- Second prototype of the Il-8

General information
- Type: Ground-attack
- National origin: Soviet Union
- Manufacturer: Voronezh Aircraft Production Association
- Designer: Ilyushin
- Status: Prototype
- Number built: 3

History
- First flight: 10 May 1943
- Developed from: Ilyushin Il-2

= Ilyushin Il-8 =

Soviet ground-attack aircraft prototype

The Ilyushin Il-8 was a Soviet ground-attack aircraft developed by Ilyushin to replace the Ilyushin Il-2. The first two prototypes were significantly faster than the older aircraft, but proved to be less maneuverable. It was redesigned, incorporating many features of what would become the Ilyushin Il-10, but proved to be inferior to that aircraft in testing. It was not ordered into production.

==Development==
In summer 1942 Sergey Ilyushin was requested to design a heavy attack aircraft with a bombload of up to 1000 kg. He chose to scale up the single-engined Il-2 to use the new and more powerful Mikulin AM-42 engine, which was essentially a scaled-up version of the Il-2's Mikulin AM-38 engine. The design was initially designated the Il-AM-42, but it was soon allocated the factory designation Il-8. While the design of the Il-8 was based on that of the Il-2, it was a completely new aircraft.

The oil cooler was housed with the coolant radiator in a big airscoop on top of the engine cowling, closer to the cockpit than was the case on the Il-2. The gunner's position was enclosed in the armored shell, unlike that in the Il-2, and was equipped with a 12.7 mm Berezin UBK machine gun on a VU-8 flexible mount. Otherwise the gun armament was identical to the older aircraft with a pair of 23 mm VYa cannon with a total 300 rounds and a pair of 7.62 mm ShKAS machine guns with 1500 rounds in the wings. Optionally two 37 mm Nudelman-Suranov NS-37s could be installed instead of the VYa-23 cannon. The rear fuselage was lengthened by 1.42 m to improve airflow and the landing gear was lengthened to accommodate the larger propeller. The landing gear nacelles were modified accordingly.

Two prototypes were built of the Il-8. The first had VYa-23 cannon and a wooden rear fuselage. The second had NS-37 cannon installed and a metal rear fuselage. The first flight was on 10 May 1943 and the prototypes were tested both as attack aircraft and as an artillery spotter variant with less range and better radios. Flight tests were reasonably successful with the Il-8 proving to be almost 50 km/h faster at low altitudes than the Il-2. It climbed 15% faster and had nearly twice the range of the older aircraft. Flight testing was prolonged by problems with the AM-42 engines. They were unreliable, smoky and vibration-prone. But the Il-8 proved to be less maneuverable than the Il-2 in both the horizontal and vertical planes. State acceptance trials lasted from 26 February to 30 March 1944 and it was provisionally accepted for production, provided that these issues were fixed.

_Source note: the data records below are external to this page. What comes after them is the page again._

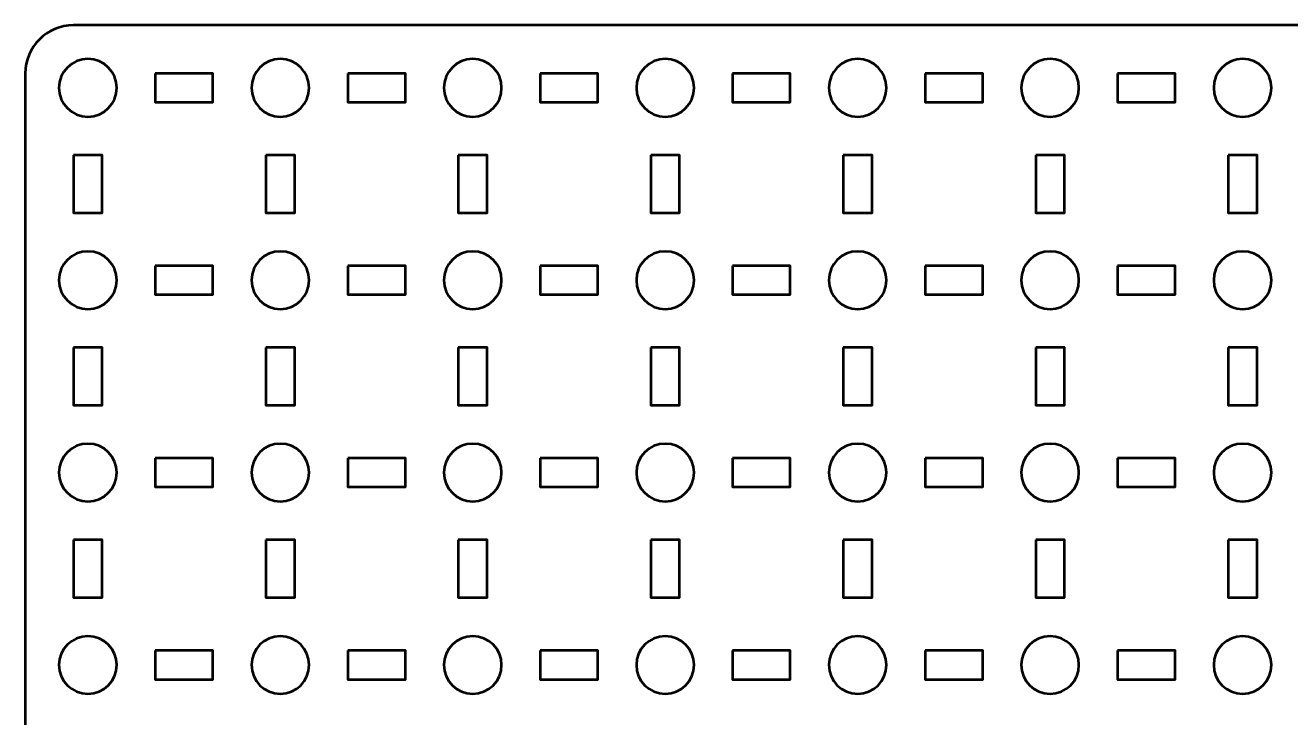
# Model space of a CAD drawing. Header units: centimetres. Extents: x -24.2 to 3.2, y -28.5 to 40.7.
# Drawn here: x -24.15 to -11, y 33.45 to 40.65 of the extents above; entities that cross this region are included whole.
import ezdxf

# ---------------------------------------------------------------- set-up
doc = ezdxf.new("R2010")
doc.units = ezdxf.units.CM
doc.header["$MEASUREMENT"] = 0
doc.layers.add('Layer 1', color=7, linetype='Continuous')

msp = doc.modelspace()

# ---------------------------------------------------------------- linework, layer by layer
at = {"layer": 'Layer 1', "lineweight": 53}
for points, knots in [([(-23.65008, 40.65002), (-23.65008, 40.65002), (2.6499, 40.65002), (2.6499, 40.65002), (2.6499, 40.65002), (2.9269, 40.65002), (3.14985, 40.42693), (3.14985, 40.14993), (3.14985, 40.14993), (3.14985, 40.14993), (3.14985, 13.84995), (3.14985, 13.84995), (3.14985, 13.84995), (3.14985, 13.57295), (2.9269, 13.35), (2.6499, 13.35), (2.6499, 13.35), (2.6499, 13.35), (-23.65008, 13.35), (-23.65008, 13.35), (-23.65008, 13.35), (-23.92708, 13.35), (-24.15017, 13.57295), (-24.15017, 13.84995), (-24.15017, 13.84995), (-24.15017, 13.84995), (-24.15017, 40.14993), (-24.15017, 40.14993), (-24.15017, 40.14993), (-24.15017, 40.42693), (-23.92708, 40.65002), (-23.65008, 40.65002)], [0, 0, 0, 0, 0.125, 0.125, 0.125, 0.125, 0.25, 0.25, 0.25, 0.25, 0.375, 0.375, 0.375, 0.375, 0.5, 0.5, 0.5, 0.5, 0.625, 0.625, 0.625, 0.625, 0.75, 0.75, 0.75, 0.75, 0.875, 0.875, 0.875, 0.875, 1, 1, 1, 1]), ([(-23.20014, 39.99999), (-23.20014, 39.83422), (-23.33437, 39.69999), (-23.50014, 39.69999), (-23.50014, 39.69999), (-23.66581, 39.69999), (-23.80015, 39.83422), (-23.80015, 39.99999), (-23.80015, 39.99999), (-23.80015, 40.16566), (-23.66581, 40.3), (-23.50014, 40.3), (-23.50014, 40.3), (-23.33437, 40.3), (-23.20014, 40.16566), (-23.20014, 39.99999)], [0, 0, 0, 0, 0.25, 0.25, 0.25, 0.25, 0.5, 0.5, 0.5, 0.5, 0.75, 0.75, 0.75, 0.75, 1, 1, 1, 1]), ([(-21.20007, 39.99999), (-21.20007, 39.83422), (-21.33444, 39.69999), (-21.50007, 39.69999), (-21.50007, 39.69999), (-21.66584, 39.69999), (-21.80007, 39.83422), (-21.80007, 39.99999), (-21.80007, 39.99999), (-21.80007, 40.16566), (-21.66584, 40.3), (-21.50007, 40.3), (-21.50007, 40.3), (-21.33444, 40.3), (-21.20007, 40.16566), (-21.20007, 39.99999)], [0, 0, 0, 0, 0.25, 0.25, 0.25, 0.25, 0.5, 0.5, 0.5, 0.5, 0.75, 0.75, 0.75, 0.75, 1, 1, 1, 1]), ([(-19.20014, 39.99999), (-19.20014, 39.83422), (-19.33447, 39.69999), (-19.50014, 39.69999), (-19.50014, 39.69999), (-19.66577, 39.69999), (-19.80014, 39.83422), (-19.80014, 39.99999), (-19.80014, 39.99999), (-19.80014, 40.16566), (-19.66577, 40.3), (-19.50014, 40.3), (-19.50014, 40.3), (-19.33447, 40.3), (-19.20014, 40.16566), (-19.20014, 39.99999)], [0, 0, 0, 0, 0.25, 0.25, 0.25, 0.25, 0.5, 0.5, 0.5, 0.5, 0.75, 0.75, 0.75, 0.75, 1, 1, 1, 1]), ([(-17.20017, 39.99999), (-17.20017, 39.83422), (-17.3344, 39.69999), (-17.50017, 39.69999), (-17.50017, 39.69999), (-17.66584, 39.69999), (-17.80017, 39.83422), (-17.80017, 39.99999), (-17.80017, 39.99999), (-17.80017, 40.16566), (-17.66584, 40.3), (-17.50017, 40.3), (-17.50017, 40.3), (-17.3344, 40.3), (-17.20017, 40.16566), (-17.20017, 39.99999)], [0, 0, 0, 0, 0.25, 0.25, 0.25, 0.25, 0.5, 0.5, 0.5, 0.5, 0.75, 0.75, 0.75, 0.75, 1, 1, 1, 1]), ([(-15.2001, 39.99999), (-15.2001, 39.83422), (-15.33447, 39.69999), (-15.5001, 39.69999), (-15.5001, 39.69999), (-15.66587, 39.69999), (-15.8001, 39.83422), (-15.8001, 39.99999), (-15.8001, 39.99999), (-15.8001, 40.16566), (-15.66587, 40.3), (-15.5001, 40.3), (-15.5001, 40.3), (-15.33447, 40.3), (-15.2001, 40.16566), (-15.2001, 39.99999)], [0, 0, 0, 0, 0.25, 0.25, 0.25, 0.25, 0.5, 0.5, 0.5, 0.5, 0.75, 0.75, 0.75, 0.75, 1, 1, 1, 1]), ([(-13.20016, 39.99999), (-13.20016, 39.83422), (-13.3345, 39.69999), (-13.50013, 39.69999), (-13.50013, 39.69999), (-13.66579, 39.69999), (-13.80013, 39.83422), (-13.80013, 39.99999), (-13.80013, 39.99999), (-13.80013, 40.16566), (-13.66579, 40.3), (-13.50013, 40.3), (-13.50013, 40.3), (-13.3345, 40.3), (-13.20016, 40.16566), (-13.20016, 39.99999)], [0, 0, 0, 0, 0.25, 0.25, 0.25, 0.25, 0.5, 0.5, 0.5, 0.5, 0.75, 0.75, 0.75, 0.75, 1, 1, 1, 1]), ([(-11.20005, 39.99999), (-11.20005, 39.83422), (-11.33443, 39.69999), (-11.50006, 39.69999), (-11.50006, 39.69999), (-11.66583, 39.69999), (-11.80006, 39.83422), (-11.80006, 39.99999), (-11.80006, 39.99999), (-11.80006, 40.16566), (-11.66583, 40.3), (-11.50006, 40.3), (-11.50006, 40.3), (-11.33443, 40.3), (-11.20005, 40.16566), (-11.20005, 39.99999)], [0, 0, 0, 0, 0.25, 0.25, 0.25, 0.25, 0.5, 0.5, 0.5, 0.5, 0.75, 0.75, 0.75, 0.75, 1, 1, 1, 1]), ([(-22.80013, 40.14993), (-22.80013, 40.14993), (-22.20012, 40.14993), (-22.20012, 40.14993), (-22.20012, 40.14993), (-22.20012, 40.14993), (-22.20012, 39.84992), (-22.20012, 39.84992), (-22.20012, 39.84992), (-22.20012, 39.84992), (-22.80013, 39.84992), (-22.80013, 39.84992), (-22.80013, 39.84992), (-22.80013, 39.84992), (-22.80013, 40.14993), (-22.80013, 40.14993)], [0, 0, 0, 0, 0.25, 0.25, 0.25, 0.25, 0.5, 0.5, 0.5, 0.5, 0.75, 0.75, 0.75, 0.75, 1, 1, 1, 1]), ([(-20.80016, 40.14993), (-20.80016, 40.14993), (-20.20016, 40.14993), (-20.20016, 40.14993), (-20.20016, 40.14993), (-20.20016, 40.14993), (-20.20016, 39.84992), (-20.20016, 39.84992), (-20.20016, 39.84992), (-20.20016, 39.84992), (-20.80016, 39.84992), (-20.80016, 39.84992), (-20.80016, 39.84992), (-20.80016, 39.84992), (-20.80016, 40.14993), (-20.80016, 40.14993)], [0, 0, 0, 0, 0.25, 0.25, 0.25, 0.25, 0.5, 0.5, 0.5, 0.5, 0.75, 0.75, 0.75, 0.75, 1, 1, 1, 1]), ([(-18.80009, 40.14993), (-18.80009, 40.14993), (-18.20008, 40.14993), (-18.20008, 40.14993), (-18.20008, 40.14993), (-18.20008, 40.14993), (-18.20008, 39.84992), (-18.20008, 39.84992), (-18.20008, 39.84992), (-18.20008, 39.84992), (-18.80009, 39.84992), (-18.80009, 39.84992), (-18.80009, 39.84992), (-18.80009, 39.84992), (-18.80009, 40.14993), (-18.80009, 40.14993)], [0, 0, 0, 0, 0.25, 0.25, 0.25, 0.25, 0.5, 0.5, 0.5, 0.5, 0.75, 0.75, 0.75, 0.75, 1, 1, 1, 1]), ([(-16.80012, 40.14993), (-16.80012, 40.14993), (-16.20011, 40.14993), (-16.20011, 40.14993), (-16.20011, 40.14993), (-16.20011, 40.14993), (-16.20011, 39.84992), (-16.20011, 39.84992), (-16.20011, 39.84992), (-16.20011, 39.84992), (-16.80012, 39.84992), (-16.80012, 39.84992), (-16.80012, 39.84992), (-16.80012, 39.84992), (-16.80012, 40.14993), (-16.80012, 40.14993)], [0, 0, 0, 0, 0.25, 0.25, 0.25, 0.25, 0.5, 0.5, 0.5, 0.5, 0.75, 0.75, 0.75, 0.75, 1, 1, 1, 1]), ([(-14.80019, 40.14993), (-14.80019, 40.14993), (-14.20018, 40.14993), (-14.20018, 40.14993), (-14.20018, 40.14993), (-14.20018, 40.14993), (-14.20018, 39.84992), (-14.20018, 39.84992), (-14.20018, 39.84992), (-14.20018, 39.84992), (-14.80019, 39.84992), (-14.80019, 39.84992), (-14.80019, 39.84992), (-14.80019, 39.84992), (-14.80019, 40.14993), (-14.80019, 40.14993)], [0, 0, 0, 0, 0.25, 0.25, 0.25, 0.25, 0.5, 0.5, 0.5, 0.5, 0.75, 0.75, 0.75, 0.75, 1, 1, 1, 1]), ([(-12.80011, 40.14993), (-12.80011, 40.14993), (-12.20011, 40.14993), (-12.20011, 40.14993), (-12.20011, 40.14993), (-12.20011, 40.14993), (-12.20011, 39.84992), (-12.20011, 39.84992), (-12.20011, 39.84992), (-12.20011, 39.84992), (-12.80011, 39.84992), (-12.80011, 39.84992), (-12.80011, 39.84992), (-12.80011, 39.84992), (-12.80011, 40.14993), (-12.80011, 40.14993)], [0, 0, 0, 0, 0.25, 0.25, 0.25, 0.25, 0.5, 0.5, 0.5, 0.5, 0.75, 0.75, 0.75, 0.75, 1, 1, 1, 1]), ([(-23.65008, 39.29998), (-23.65008, 39.29998), (-23.35007, 39.29998), (-23.35007, 39.29998), (-23.35007, 39.29998), (-23.35007, 39.29998), (-23.35007, 38.69997), (-23.35007, 38.69997), (-23.35007, 38.69997), (-23.35007, 38.69997), (-23.65008, 38.69997), (-23.65008, 38.69997), (-23.65008, 38.69997), (-23.65008, 38.69997), (-23.65008, 39.29998), (-23.65008, 39.29998)], [0, 0, 0, 0, 0.25, 0.25, 0.25, 0.25, 0.5, 0.5, 0.5, 0.5, 0.75, 0.75, 0.75, 0.75, 1, 1, 1, 1]), ([(-21.65014, 39.29998), (-21.65014, 39.29998), (-21.35014, 39.29998), (-21.35014, 39.29998), (-21.35014, 39.29998), (-21.35014, 39.29998), (-21.35014, 38.69997), (-21.35014, 38.69997), (-21.35014, 38.69997), (-21.35014, 38.69997), (-21.65014, 38.69997), (-21.65014, 38.69997), (-21.65014, 38.69997), (-21.65014, 38.69997), (-21.65014, 39.29998), (-21.65014, 39.29998)], [0, 0, 0, 0, 0.25, 0.25, 0.25, 0.25, 0.5, 0.5, 0.5, 0.5, 0.75, 0.75, 0.75, 0.75, 1, 1, 1, 1]), ([(-19.65021, 39.29998), (-19.65021, 39.29998), (-19.35021, 39.29998), (-19.35021, 39.29998), (-19.35021, 39.29998), (-19.35021, 39.29998), (-19.35021, 38.69997), (-19.35021, 38.69997), (-19.35021, 38.69997), (-19.35021, 38.69997), (-19.65021, 38.69997), (-19.65021, 38.69997), (-19.65021, 38.69997), (-19.65021, 38.69997), (-19.65021, 39.29998), (-19.65021, 39.29998)], [0, 0, 0, 0, 0.25, 0.25, 0.25, 0.25, 0.5, 0.5, 0.5, 0.5, 0.75, 0.75, 0.75, 0.75, 1, 1, 1, 1]), ([(-17.6501, 39.29998), (-17.6501, 39.29998), (-17.3501, 39.29998), (-17.3501, 39.29998), (-17.3501, 39.29998), (-17.3501, 39.29998), (-17.3501, 38.69997), (-17.3501, 38.69997), (-17.3501, 38.69997), (-17.3501, 38.69997), (-17.6501, 38.69997), (-17.6501, 38.69997), (-17.6501, 38.69997), (-17.6501, 38.69997), (-17.6501, 39.29998), (-17.6501, 39.29998)], [0, 0, 0, 0, 0.25, 0.25, 0.25, 0.25, 0.5, 0.5, 0.5, 0.5, 0.75, 0.75, 0.75, 0.75, 1, 1, 1, 1]), ([(-15.65017, 39.29998), (-15.65017, 39.29998), (-15.35017, 39.29998), (-15.35017, 39.29998), (-15.35017, 39.29998), (-15.35017, 39.29998), (-15.35017, 38.69997), (-15.35017, 38.69997), (-15.35017, 38.69997), (-15.35017, 38.69997), (-15.65017, 38.69997), (-15.65017, 38.69997), (-15.65017, 38.69997), (-15.65017, 38.69997), (-15.65017, 39.29998), (-15.65017, 39.29998)], [0, 0, 0, 0, 0.25, 0.25, 0.25, 0.25, 0.5, 0.5, 0.5, 0.5, 0.75, 0.75, 0.75, 0.75, 1, 1, 1, 1]), ([(-13.65006, 39.29998), (-13.65006, 39.29998), (-13.35006, 39.29998), (-13.35006, 39.29998), (-13.35006, 39.29998), (-13.35006, 39.29998), (-13.35006, 38.69997), (-13.35006, 38.69997), (-13.35006, 38.69997), (-13.35006, 38.69997), (-13.65006, 38.69997), (-13.65006, 38.69997), (-13.65006, 38.69997), (-13.65006, 38.69997), (-13.65006, 39.29998), (-13.65006, 39.29998)], [0, 0, 0, 0, 0.25, 0.25, 0.25, 0.25, 0.5, 0.5, 0.5, 0.5, 0.75, 0.75, 0.75, 0.75, 1, 1, 1, 1]), ([(-11.65013, 39.29998), (-11.65013, 39.29998), (-11.35013, 39.29998), (-11.35013, 39.29998), (-11.35013, 39.29998), (-11.35013, 39.29998), (-11.35013, 38.69997), (-11.35013, 38.69997), (-11.35013, 38.69997), (-11.35013, 38.69997), (-11.65013, 38.69997), (-11.65013, 38.69997), (-11.65013, 38.69997), (-11.65013, 38.69997), (-11.65013, 39.29998), (-11.65013, 39.29998)], [0, 0, 0, 0, 0.25, 0.25, 0.25, 0.25, 0.5, 0.5, 0.5, 0.5, 0.75, 0.75, 0.75, 0.75, 1, 1, 1, 1]), ([(-23.20014, 37.99992), (-23.20014, 37.83429), (-23.33437, 37.69992), (-23.50014, 37.69992), (-23.50014, 37.69992), (-23.66581, 37.69992), (-23.80015, 37.83429), (-23.80015, 37.99992), (-23.80015, 37.99992), (-23.80015, 38.16569), (-23.66581, 38.29992), (-23.50014, 38.29992), (-23.50014, 38.29992), (-23.33437, 38.29992), (-23.20014, 38.16569), (-23.20014, 37.99992)], [0, 0, 0, 0, 0.25, 0.25, 0.25, 0.25, 0.5, 0.5, 0.5, 0.5, 0.75, 0.75, 0.75, 0.75, 1, 1, 1, 1]), ([(-21.20007, 37.99992), (-21.20007, 37.83429), (-21.33444, 37.69992), (-21.50007, 37.69992), (-21.50007, 37.69992), (-21.66584, 37.69992), (-21.80007, 37.83429), (-21.80007, 37.99992), (-21.80007, 37.99992), (-21.80007, 38.16569), (-21.66584, 38.29992), (-21.50007, 38.29992), (-21.50007, 38.29992), (-21.33444, 38.29992), (-21.20007, 38.16569), (-21.20007, 37.99992)], [0, 0, 0, 0, 0.25, 0.25, 0.25, 0.25, 0.5, 0.5, 0.5, 0.5, 0.75, 0.75, 0.75, 0.75, 1, 1, 1, 1]), ([(-19.20014, 37.99992), (-19.20014, 37.83429), (-19.33447, 37.69992), (-19.50014, 37.69992), (-19.50014, 37.69992), (-19.66577, 37.69992), (-19.80014, 37.83429), (-19.80014, 37.99992), (-19.80014, 37.99992), (-19.80014, 38.16569), (-19.66577, 38.29992), (-19.50014, 38.29992), (-19.50014, 38.29992), (-19.33447, 38.29992), (-19.20014, 38.16569), (-19.20014, 37.99992)], [0, 0, 0, 0, 0.25, 0.25, 0.25, 0.25, 0.5, 0.5, 0.5, 0.5, 0.75, 0.75, 0.75, 0.75, 1, 1, 1, 1]), ([(-17.20017, 37.99992), (-17.20017, 37.83429), (-17.3344, 37.69992), (-17.50017, 37.69992), (-17.50017, 37.69992), (-17.66584, 37.69992), (-17.80017, 37.83429), (-17.80017, 37.99992), (-17.80017, 37.99992), (-17.80017, 38.16569), (-17.66584, 38.29992), (-17.50017, 38.29992), (-17.50017, 38.29992), (-17.3344, 38.29992), (-17.20017, 38.16569), (-17.20017, 37.99992)], [0, 0, 0, 0, 0.25, 0.25, 0.25, 0.25, 0.5, 0.5, 0.5, 0.5, 0.75, 0.75, 0.75, 0.75, 1, 1, 1, 1]), ([(-15.2001, 37.99992), (-15.2001, 37.83429), (-15.33447, 37.69992), (-15.5001, 37.69992), (-15.5001, 37.69992), (-15.66587, 37.69992), (-15.8001, 37.83429), (-15.8001, 37.99992), (-15.8001, 37.99992), (-15.8001, 38.16569), (-15.66587, 38.29992), (-15.5001, 38.29992), (-15.5001, 38.29992), (-15.33447, 38.29992), (-15.2001, 38.16569), (-15.2001, 37.99992)], [0, 0, 0, 0, 0.25, 0.25, 0.25, 0.25, 0.5, 0.5, 0.5, 0.5, 0.75, 0.75, 0.75, 0.75, 1, 1, 1, 1]), ([(-13.20016, 37.99992), (-13.20016, 37.83429), (-13.3345, 37.69992), (-13.50013, 37.69992), (-13.50013, 37.69992), (-13.66579, 37.69992), (-13.80013, 37.83429), (-13.80013, 37.99992), (-13.80013, 37.99992), (-13.80013, 38.16569), (-13.66579, 38.29992), (-13.50013, 38.29992), (-13.50013, 38.29992), (-13.3345, 38.29992), (-13.20016, 38.16569), (-13.20016, 37.99992)], [0, 0, 0, 0, 0.25, 0.25, 0.25, 0.25, 0.5, 0.5, 0.5, 0.5, 0.75, 0.75, 0.75, 0.75, 1, 1, 1, 1]), ([(-11.20005, 37.99992), (-11.20005, 37.83429), (-11.33443, 37.69992), (-11.50006, 37.69992), (-11.50006, 37.69992), (-11.66583, 37.69992), (-11.80006, 37.83429), (-11.80006, 37.99992), (-11.80006, 37.99992), (-11.80006, 38.16569), (-11.66583, 38.29992), (-11.50006, 38.29992), (-11.50006, 38.29992), (-11.33443, 38.29992), (-11.20005, 38.16569), (-11.20005, 37.99992)], [0, 0, 0, 0, 0.25, 0.25, 0.25, 0.25, 0.5, 0.5, 0.5, 0.5, 0.75, 0.75, 0.75, 0.75, 1, 1, 1, 1]), ([(-22.80013, 38.14999), (-22.80013, 38.14999), (-22.20012, 38.14999), (-22.20012, 38.14999), (-22.20012, 38.14999), (-22.20012, 38.14999), (-22.20012, 37.84999), (-22.20012, 37.84999), (-22.20012, 37.84999), (-22.20012, 37.84999), (-22.80013, 37.84999), (-22.80013, 37.84999), (-22.80013, 37.84999), (-22.80013, 37.84999), (-22.80013, 38.14999), (-22.80013, 38.14999)], [0, 0, 0, 0, 0.25, 0.25, 0.25, 0.25, 0.5, 0.5, 0.5, 0.5, 0.75, 0.75, 0.75, 0.75, 1, 1, 1, 1]), ([(-20.80016, 38.14999), (-20.80016, 38.14999), (-20.20016, 38.14999), (-20.20016, 38.14999), (-20.20016, 38.14999), (-20.20016, 38.14999), (-20.20016, 37.84999), (-20.20016, 37.84999), (-20.20016, 37.84999), (-20.20016, 37.84999), (-20.80016, 37.84999), (-20.80016, 37.84999), (-20.80016, 37.84999), (-20.80016, 37.84999), (-20.80016, 38.14999), (-20.80016, 38.14999)], [0, 0, 0, 0, 0.25, 0.25, 0.25, 0.25, 0.5, 0.5, 0.5, 0.5, 0.75, 0.75, 0.75, 0.75, 1, 1, 1, 1]), ([(-18.80009, 38.14999), (-18.80009, 38.14999), (-18.20008, 38.14999), (-18.20008, 38.14999), (-18.20008, 38.14999), (-18.20008, 38.14999), (-18.20008, 37.84999), (-18.20008, 37.84999), (-18.20008, 37.84999), (-18.20008, 37.84999), (-18.80009, 37.84999), (-18.80009, 37.84999), (-18.80009, 37.84999), (-18.80009, 37.84999), (-18.80009, 38.14999), (-18.80009, 38.14999)], [0, 0, 0, 0, 0.25, 0.25, 0.25, 0.25, 0.5, 0.5, 0.5, 0.5, 0.75, 0.75, 0.75, 0.75, 1, 1, 1, 1]), ([(-16.80012, 38.14999), (-16.80012, 38.14999), (-16.20011, 38.14999), (-16.20011, 38.14999), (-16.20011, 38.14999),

However, Ilyushin thought that the best features of the two-seat Il-1 prototype could be incorporated into the Il-8 design and approval for another prototype was granted on 1 July 1944. The new prototype, confusingly referred to in the records with the same Il-8-2 designation used for the second prototype of the original design, greatly resembled what would become the Il-10, except for a longer fuselage and the four-bladed propeller. The armament was changed as Nudelman-Suranov NS-23 cannon replaced the YVa-23 guns and the UBK was upgraded with a 20 mm Berezin B-20 cannon in a VU-9 mount. A cassette of ten AG-2 aerial grenades was fitted to enhance rear defense. The bombload was upgraded to a total of 1000 kg compared to the 800 kg of the first prototypes. The Il-8-2 made its first flight on 13 October 1944 and flight testing was once again delayed with engine problems and state acceptance trials were not completed until 7 July 1945. While it proved to be an improvement over the first design, it was inferior in performance to the Il-10 which was already in service and was not placed into production.